> **PROBLEM REQUIREMENTS**
Each line from the one holding "line L11 (5.1166, 49.9) -> (1.8834, 49.9)" to the end of the data below must be output verbatim, with no other lines.

> **MATERIALS PROVIDED**
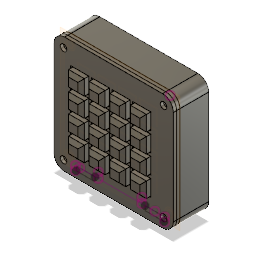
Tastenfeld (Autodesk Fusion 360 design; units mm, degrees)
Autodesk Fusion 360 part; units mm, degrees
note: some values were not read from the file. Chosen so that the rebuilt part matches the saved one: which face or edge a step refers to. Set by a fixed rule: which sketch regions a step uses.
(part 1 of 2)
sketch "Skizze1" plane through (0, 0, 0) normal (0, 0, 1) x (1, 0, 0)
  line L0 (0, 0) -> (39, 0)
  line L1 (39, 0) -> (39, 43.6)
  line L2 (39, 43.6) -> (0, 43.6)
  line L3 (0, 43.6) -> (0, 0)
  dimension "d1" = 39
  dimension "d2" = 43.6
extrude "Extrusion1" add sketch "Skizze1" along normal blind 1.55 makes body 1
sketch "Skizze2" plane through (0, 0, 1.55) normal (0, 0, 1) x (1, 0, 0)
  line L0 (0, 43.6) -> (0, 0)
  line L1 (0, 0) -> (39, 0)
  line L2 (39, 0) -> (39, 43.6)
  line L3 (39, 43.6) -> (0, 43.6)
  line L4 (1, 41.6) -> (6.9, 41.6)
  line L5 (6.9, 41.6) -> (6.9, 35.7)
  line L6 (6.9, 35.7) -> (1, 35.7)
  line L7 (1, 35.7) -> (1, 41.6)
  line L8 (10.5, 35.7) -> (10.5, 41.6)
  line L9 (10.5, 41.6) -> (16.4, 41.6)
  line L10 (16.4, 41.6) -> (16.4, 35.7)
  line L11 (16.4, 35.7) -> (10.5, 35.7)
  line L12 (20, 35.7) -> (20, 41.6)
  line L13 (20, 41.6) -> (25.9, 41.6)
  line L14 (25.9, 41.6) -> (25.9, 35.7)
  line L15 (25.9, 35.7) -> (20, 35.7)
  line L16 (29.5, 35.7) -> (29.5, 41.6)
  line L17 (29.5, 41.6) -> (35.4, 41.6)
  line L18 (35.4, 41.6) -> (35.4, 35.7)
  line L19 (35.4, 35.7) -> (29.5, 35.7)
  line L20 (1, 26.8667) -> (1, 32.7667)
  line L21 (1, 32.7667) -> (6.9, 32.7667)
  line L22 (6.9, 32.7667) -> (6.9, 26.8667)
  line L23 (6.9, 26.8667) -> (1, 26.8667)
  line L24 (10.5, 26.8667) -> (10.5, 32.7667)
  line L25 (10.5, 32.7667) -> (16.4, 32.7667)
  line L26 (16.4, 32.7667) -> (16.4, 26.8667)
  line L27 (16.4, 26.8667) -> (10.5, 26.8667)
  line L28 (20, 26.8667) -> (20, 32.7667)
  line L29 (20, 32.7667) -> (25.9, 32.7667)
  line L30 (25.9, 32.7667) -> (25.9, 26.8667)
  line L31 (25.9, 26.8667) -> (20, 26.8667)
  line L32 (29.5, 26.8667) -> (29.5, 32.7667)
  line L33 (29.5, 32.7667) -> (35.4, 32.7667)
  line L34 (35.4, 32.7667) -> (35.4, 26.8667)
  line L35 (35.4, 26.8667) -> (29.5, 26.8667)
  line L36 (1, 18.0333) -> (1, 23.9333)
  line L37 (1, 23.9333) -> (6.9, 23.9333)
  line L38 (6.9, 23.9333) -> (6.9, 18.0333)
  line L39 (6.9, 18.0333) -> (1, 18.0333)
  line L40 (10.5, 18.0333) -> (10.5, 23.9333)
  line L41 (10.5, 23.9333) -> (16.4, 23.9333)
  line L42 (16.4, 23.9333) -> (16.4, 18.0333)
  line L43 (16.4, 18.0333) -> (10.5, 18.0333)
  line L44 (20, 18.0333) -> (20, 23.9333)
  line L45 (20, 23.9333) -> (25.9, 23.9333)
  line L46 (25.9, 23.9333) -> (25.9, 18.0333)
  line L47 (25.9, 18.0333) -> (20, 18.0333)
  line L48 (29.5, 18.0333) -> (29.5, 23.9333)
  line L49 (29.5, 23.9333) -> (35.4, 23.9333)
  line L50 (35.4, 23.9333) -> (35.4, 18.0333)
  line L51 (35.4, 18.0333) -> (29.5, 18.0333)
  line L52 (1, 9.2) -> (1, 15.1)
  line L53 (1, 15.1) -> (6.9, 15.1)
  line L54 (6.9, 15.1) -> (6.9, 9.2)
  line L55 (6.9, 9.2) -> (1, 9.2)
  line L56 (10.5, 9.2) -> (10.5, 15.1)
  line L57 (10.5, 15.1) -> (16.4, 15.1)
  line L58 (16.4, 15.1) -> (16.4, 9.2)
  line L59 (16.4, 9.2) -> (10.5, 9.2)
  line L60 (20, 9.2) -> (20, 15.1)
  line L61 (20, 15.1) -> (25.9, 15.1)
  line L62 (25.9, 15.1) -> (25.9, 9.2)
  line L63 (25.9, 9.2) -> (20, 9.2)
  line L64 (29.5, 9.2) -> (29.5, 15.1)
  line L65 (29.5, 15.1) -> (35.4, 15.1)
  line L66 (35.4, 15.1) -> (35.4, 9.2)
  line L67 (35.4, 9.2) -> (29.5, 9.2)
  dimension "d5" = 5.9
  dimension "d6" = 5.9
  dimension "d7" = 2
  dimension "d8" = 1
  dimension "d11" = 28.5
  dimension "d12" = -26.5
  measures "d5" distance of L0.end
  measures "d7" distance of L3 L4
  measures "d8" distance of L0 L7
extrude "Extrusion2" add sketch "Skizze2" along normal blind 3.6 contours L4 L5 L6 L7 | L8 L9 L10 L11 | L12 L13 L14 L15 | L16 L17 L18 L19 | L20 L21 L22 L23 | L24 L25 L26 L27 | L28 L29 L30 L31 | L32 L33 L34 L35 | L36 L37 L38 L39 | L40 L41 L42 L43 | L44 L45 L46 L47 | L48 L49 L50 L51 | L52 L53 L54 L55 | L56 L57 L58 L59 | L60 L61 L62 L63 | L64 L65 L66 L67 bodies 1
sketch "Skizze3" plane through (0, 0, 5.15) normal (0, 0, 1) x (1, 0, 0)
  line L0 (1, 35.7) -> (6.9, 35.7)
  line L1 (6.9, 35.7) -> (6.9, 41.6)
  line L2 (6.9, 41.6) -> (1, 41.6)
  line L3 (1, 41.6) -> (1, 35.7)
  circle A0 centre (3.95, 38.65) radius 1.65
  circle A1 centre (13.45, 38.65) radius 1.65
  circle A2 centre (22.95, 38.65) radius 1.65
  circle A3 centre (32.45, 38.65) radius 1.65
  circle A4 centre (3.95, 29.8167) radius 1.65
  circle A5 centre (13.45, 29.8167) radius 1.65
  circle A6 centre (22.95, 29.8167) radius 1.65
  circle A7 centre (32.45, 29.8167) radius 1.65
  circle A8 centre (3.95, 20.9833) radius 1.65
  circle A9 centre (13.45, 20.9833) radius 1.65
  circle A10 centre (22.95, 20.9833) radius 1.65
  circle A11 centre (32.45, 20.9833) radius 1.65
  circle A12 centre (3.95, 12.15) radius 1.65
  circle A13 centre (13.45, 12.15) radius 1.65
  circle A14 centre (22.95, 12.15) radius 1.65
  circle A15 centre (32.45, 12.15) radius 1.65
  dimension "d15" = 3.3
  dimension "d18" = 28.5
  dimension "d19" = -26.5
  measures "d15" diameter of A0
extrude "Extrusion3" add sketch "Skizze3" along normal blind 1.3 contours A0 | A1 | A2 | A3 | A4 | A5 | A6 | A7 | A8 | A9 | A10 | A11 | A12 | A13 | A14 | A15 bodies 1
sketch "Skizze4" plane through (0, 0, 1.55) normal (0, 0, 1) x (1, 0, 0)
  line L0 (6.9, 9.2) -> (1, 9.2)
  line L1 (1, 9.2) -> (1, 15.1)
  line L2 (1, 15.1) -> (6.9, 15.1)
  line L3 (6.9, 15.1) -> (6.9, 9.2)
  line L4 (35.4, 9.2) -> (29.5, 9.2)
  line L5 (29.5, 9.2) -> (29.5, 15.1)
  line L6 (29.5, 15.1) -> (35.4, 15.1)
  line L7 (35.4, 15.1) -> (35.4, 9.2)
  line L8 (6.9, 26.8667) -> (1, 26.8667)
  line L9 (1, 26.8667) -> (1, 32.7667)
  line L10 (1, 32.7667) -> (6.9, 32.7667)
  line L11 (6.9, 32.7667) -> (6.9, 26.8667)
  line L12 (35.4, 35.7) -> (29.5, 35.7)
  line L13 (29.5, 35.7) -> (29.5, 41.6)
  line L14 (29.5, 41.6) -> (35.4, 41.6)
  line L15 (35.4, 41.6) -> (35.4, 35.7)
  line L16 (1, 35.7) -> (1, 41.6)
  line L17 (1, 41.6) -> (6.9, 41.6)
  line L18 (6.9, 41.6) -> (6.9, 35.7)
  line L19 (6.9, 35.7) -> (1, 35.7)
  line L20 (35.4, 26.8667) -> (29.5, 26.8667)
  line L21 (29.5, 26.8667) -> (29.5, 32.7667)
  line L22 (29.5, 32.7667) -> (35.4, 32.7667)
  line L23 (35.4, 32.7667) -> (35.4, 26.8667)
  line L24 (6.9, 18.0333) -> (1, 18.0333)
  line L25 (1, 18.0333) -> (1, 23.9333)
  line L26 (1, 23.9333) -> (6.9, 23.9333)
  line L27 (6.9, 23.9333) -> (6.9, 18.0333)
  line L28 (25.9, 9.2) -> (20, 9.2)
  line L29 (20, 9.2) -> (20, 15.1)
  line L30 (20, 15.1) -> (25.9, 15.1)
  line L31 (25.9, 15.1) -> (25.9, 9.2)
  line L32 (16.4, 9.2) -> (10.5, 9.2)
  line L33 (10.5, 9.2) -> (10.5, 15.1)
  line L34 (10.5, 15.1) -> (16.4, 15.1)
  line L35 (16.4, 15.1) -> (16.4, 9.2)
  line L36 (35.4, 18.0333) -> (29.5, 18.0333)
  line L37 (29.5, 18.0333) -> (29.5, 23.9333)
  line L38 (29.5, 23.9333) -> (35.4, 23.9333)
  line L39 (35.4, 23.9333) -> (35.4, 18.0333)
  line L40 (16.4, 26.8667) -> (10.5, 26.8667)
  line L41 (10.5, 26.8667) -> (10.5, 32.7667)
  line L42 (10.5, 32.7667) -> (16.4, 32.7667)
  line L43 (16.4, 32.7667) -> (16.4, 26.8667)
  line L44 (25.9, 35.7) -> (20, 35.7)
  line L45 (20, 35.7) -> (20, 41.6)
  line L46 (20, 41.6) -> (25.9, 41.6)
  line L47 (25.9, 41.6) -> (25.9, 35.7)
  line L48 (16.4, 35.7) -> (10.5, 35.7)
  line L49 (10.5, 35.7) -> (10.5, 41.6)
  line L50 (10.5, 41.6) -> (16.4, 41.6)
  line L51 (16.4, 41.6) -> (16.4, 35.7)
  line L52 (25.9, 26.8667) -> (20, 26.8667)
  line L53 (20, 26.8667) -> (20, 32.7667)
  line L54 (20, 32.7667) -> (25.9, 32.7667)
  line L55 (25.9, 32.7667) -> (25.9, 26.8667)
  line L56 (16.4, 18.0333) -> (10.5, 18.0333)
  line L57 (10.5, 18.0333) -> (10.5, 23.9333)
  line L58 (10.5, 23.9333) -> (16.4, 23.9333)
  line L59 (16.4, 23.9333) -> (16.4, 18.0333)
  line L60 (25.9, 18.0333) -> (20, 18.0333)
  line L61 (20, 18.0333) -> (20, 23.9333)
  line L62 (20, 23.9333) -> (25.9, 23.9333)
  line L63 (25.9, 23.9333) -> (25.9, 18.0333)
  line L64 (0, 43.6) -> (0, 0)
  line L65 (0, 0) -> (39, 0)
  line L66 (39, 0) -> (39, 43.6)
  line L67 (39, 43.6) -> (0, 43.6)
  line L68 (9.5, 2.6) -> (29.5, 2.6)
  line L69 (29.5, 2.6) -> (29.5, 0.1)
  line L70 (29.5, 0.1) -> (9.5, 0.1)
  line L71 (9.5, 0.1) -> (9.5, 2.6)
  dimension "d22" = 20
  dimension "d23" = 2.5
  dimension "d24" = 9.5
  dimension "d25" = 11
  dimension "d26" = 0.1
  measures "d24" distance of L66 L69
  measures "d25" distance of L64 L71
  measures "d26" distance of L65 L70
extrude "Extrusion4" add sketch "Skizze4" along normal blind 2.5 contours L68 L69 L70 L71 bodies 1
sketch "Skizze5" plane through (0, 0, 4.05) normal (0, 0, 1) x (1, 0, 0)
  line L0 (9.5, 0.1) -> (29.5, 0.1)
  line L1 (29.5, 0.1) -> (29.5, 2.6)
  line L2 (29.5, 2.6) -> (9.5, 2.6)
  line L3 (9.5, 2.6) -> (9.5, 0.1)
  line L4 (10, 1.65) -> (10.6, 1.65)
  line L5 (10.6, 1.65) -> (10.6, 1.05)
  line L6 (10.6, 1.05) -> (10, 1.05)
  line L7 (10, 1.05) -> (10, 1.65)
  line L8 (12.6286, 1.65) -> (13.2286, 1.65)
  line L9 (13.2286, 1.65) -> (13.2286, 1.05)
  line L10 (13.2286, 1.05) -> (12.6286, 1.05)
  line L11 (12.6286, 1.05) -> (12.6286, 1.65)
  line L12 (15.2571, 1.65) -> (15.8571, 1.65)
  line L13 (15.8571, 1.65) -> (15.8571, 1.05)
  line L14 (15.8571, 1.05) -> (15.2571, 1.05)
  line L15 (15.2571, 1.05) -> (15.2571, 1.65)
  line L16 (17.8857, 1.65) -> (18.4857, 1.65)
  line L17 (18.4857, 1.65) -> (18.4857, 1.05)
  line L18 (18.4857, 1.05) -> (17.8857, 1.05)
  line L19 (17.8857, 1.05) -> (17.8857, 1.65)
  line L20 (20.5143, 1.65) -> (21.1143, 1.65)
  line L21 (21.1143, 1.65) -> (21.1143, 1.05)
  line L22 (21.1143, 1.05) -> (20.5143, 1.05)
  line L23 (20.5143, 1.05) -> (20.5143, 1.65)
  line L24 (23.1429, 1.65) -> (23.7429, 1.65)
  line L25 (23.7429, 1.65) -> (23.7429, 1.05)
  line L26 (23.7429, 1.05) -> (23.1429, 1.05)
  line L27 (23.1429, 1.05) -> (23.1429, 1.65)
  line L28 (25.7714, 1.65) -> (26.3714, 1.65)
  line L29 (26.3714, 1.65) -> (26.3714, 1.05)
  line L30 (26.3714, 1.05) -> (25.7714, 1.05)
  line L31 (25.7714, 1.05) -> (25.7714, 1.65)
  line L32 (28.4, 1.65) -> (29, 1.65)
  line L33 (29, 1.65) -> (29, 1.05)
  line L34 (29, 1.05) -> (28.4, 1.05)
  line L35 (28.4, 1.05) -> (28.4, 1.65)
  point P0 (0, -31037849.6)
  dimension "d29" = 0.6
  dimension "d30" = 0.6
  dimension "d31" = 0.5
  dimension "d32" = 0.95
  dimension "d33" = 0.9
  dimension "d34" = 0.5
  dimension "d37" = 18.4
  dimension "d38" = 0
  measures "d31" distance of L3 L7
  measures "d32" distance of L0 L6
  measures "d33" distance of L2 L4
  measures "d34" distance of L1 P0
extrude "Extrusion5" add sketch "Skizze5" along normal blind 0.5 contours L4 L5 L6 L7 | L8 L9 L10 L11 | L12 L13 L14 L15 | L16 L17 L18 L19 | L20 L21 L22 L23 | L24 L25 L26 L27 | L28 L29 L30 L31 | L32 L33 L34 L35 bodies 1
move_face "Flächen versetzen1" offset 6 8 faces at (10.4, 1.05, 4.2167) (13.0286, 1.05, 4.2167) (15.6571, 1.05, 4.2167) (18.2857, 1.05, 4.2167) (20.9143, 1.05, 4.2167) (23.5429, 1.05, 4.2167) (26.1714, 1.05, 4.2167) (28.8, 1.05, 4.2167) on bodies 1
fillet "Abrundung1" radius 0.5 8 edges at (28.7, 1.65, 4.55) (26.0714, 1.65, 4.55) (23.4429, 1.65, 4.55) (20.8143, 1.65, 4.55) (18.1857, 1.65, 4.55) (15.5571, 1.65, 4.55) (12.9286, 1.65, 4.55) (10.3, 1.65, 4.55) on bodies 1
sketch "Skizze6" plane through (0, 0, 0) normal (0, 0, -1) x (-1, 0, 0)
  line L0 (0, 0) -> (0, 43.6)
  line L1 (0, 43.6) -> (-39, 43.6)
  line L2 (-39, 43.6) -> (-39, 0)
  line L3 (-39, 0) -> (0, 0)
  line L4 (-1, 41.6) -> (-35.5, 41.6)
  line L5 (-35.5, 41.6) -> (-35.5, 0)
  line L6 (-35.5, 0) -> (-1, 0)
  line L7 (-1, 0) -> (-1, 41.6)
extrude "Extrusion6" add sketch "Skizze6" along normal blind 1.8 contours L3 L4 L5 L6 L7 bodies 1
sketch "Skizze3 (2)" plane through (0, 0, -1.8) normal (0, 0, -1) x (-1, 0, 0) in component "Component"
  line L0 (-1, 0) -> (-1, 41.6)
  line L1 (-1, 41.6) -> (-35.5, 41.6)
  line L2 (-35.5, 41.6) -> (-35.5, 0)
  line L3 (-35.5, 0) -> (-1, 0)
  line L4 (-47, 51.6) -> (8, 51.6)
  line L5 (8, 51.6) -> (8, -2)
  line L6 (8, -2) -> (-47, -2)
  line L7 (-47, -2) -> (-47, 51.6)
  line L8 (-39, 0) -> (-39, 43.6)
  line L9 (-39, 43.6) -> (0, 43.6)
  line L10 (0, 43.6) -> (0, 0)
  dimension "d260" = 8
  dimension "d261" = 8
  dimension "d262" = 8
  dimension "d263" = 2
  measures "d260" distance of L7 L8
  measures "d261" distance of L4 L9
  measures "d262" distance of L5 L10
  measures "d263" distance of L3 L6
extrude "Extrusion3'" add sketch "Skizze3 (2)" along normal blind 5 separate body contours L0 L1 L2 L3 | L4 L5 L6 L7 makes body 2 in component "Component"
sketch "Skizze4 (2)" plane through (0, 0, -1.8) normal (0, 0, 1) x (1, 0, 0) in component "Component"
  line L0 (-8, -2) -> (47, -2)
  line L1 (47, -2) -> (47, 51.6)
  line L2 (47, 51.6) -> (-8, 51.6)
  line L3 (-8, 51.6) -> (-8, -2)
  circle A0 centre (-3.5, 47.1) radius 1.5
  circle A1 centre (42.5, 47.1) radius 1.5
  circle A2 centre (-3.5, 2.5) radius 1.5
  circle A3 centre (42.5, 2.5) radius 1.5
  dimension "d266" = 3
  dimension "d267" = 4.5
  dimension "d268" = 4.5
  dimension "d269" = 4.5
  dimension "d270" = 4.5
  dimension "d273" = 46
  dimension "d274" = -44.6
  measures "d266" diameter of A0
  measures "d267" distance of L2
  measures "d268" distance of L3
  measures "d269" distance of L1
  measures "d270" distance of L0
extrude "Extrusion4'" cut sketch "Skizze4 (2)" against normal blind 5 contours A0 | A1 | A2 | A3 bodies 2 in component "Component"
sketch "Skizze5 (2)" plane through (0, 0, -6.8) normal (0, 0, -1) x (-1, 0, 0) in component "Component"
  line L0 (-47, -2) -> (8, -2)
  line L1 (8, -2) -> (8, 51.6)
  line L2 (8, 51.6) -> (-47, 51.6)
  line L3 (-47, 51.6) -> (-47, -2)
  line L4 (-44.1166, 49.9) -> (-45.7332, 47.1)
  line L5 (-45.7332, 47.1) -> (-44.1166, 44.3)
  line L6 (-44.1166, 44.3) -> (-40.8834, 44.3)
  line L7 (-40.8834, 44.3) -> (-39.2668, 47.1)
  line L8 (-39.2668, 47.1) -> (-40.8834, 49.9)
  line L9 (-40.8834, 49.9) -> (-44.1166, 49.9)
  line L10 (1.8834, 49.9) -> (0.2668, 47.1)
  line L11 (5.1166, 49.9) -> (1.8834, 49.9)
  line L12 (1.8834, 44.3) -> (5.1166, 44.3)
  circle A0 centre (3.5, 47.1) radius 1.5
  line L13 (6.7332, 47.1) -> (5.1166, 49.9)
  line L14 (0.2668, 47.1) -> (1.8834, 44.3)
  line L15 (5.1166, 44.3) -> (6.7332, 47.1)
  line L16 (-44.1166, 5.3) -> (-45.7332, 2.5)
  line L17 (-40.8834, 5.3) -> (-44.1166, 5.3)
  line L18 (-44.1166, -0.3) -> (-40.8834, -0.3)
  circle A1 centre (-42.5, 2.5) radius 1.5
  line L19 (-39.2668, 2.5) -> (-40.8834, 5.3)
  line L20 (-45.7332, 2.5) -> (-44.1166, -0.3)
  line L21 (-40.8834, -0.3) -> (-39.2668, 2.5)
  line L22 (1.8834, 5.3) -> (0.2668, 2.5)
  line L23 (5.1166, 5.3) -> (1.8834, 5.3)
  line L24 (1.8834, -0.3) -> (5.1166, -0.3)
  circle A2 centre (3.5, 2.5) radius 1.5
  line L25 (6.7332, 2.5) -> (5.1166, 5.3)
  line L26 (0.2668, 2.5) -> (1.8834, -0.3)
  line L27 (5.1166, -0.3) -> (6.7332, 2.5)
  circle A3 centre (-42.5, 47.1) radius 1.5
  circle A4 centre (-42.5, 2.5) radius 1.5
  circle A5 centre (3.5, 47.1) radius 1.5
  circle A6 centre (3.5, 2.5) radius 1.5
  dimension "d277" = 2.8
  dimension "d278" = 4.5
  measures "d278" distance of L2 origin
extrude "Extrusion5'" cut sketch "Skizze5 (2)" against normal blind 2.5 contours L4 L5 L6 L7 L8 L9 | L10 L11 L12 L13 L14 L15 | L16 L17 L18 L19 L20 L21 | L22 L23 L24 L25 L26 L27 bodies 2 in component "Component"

> **RESPONSE TO THIS EXERCISE**
  line L11 (5.1166, 49.9) -> (1.8834, 49.9)
  line L12 (1.8834, 44.3) -> (5.1166, 44.3)
  circle A0 centre (3.5, 47.1) radius 1.5
  line L13 (6.7332, 47.1) -> (5.1166, 49.9)
  line L14 (0.2668, 47.1) -> (1.8834, 44.3)
  line L15 (5.1166, 44.3) -> (6.7332, 47.1)
  line L16 (-44.1166, 5.3) -> (-45.7332, 2.5)
  line L17 (-40.8834, 5.3) -> (-44.1166, 5.3)
  line L18 (-44.1166, -0.3) -> (-40.8834, -0.3)
  circle A1 centre (-42.5, 2.5) radius 1.5
  line L19 (-39.2668, 2.5) -> (-40.8834, 5.3)
  line L20 (-45.7332, 2.5) -> (-44.1166, -0.3)
  line L21 (-40.8834, -0.3) -> (-39.2668, 2.5)
  line L22 (1.8834, 5.3) -> (0.2668, 2.5)
  line L23 (5.1166, 5.3) -> (1.8834, 5.3)
  line L24 (1.8834, -0.3) -> (5.1166, -0.3)
  circle A2 centre (3.5, 2.5) radius 1.5
  line L25 (6.7332, 2.5) -> (5.1166, 5.3)
  line L26 (0.2668, 2.5) -> (1.8834, -0.3)
  line L27 (5.1166, -0.3) -> (6.7332, 2.5)
  circle A3 centre (-42.5, 47.1) radius 1.5
  circle A4 centre (-42.5, 2.5) radius 1.5
  circle A5 centre (3.5, 47.1) radius 1.5
  circle A6 centre (3.5, 2.5) radius 1.5
  dimension "d277" = 2.8
  dimension "d278" = 4.5
  measures "d278" distance of L2 origin
extrude "Extrusion5'" cut sketch "Skizze5 (2)" against normal blind 2.5 contours L4 L5 L6 L7 L8 L9 | L10 L11 L12 L13 L14 L15 | L16 L17 L18 L19 L20 L21 | L22 L23 L24 L25 L26 L27 bodies 2 in component "Component"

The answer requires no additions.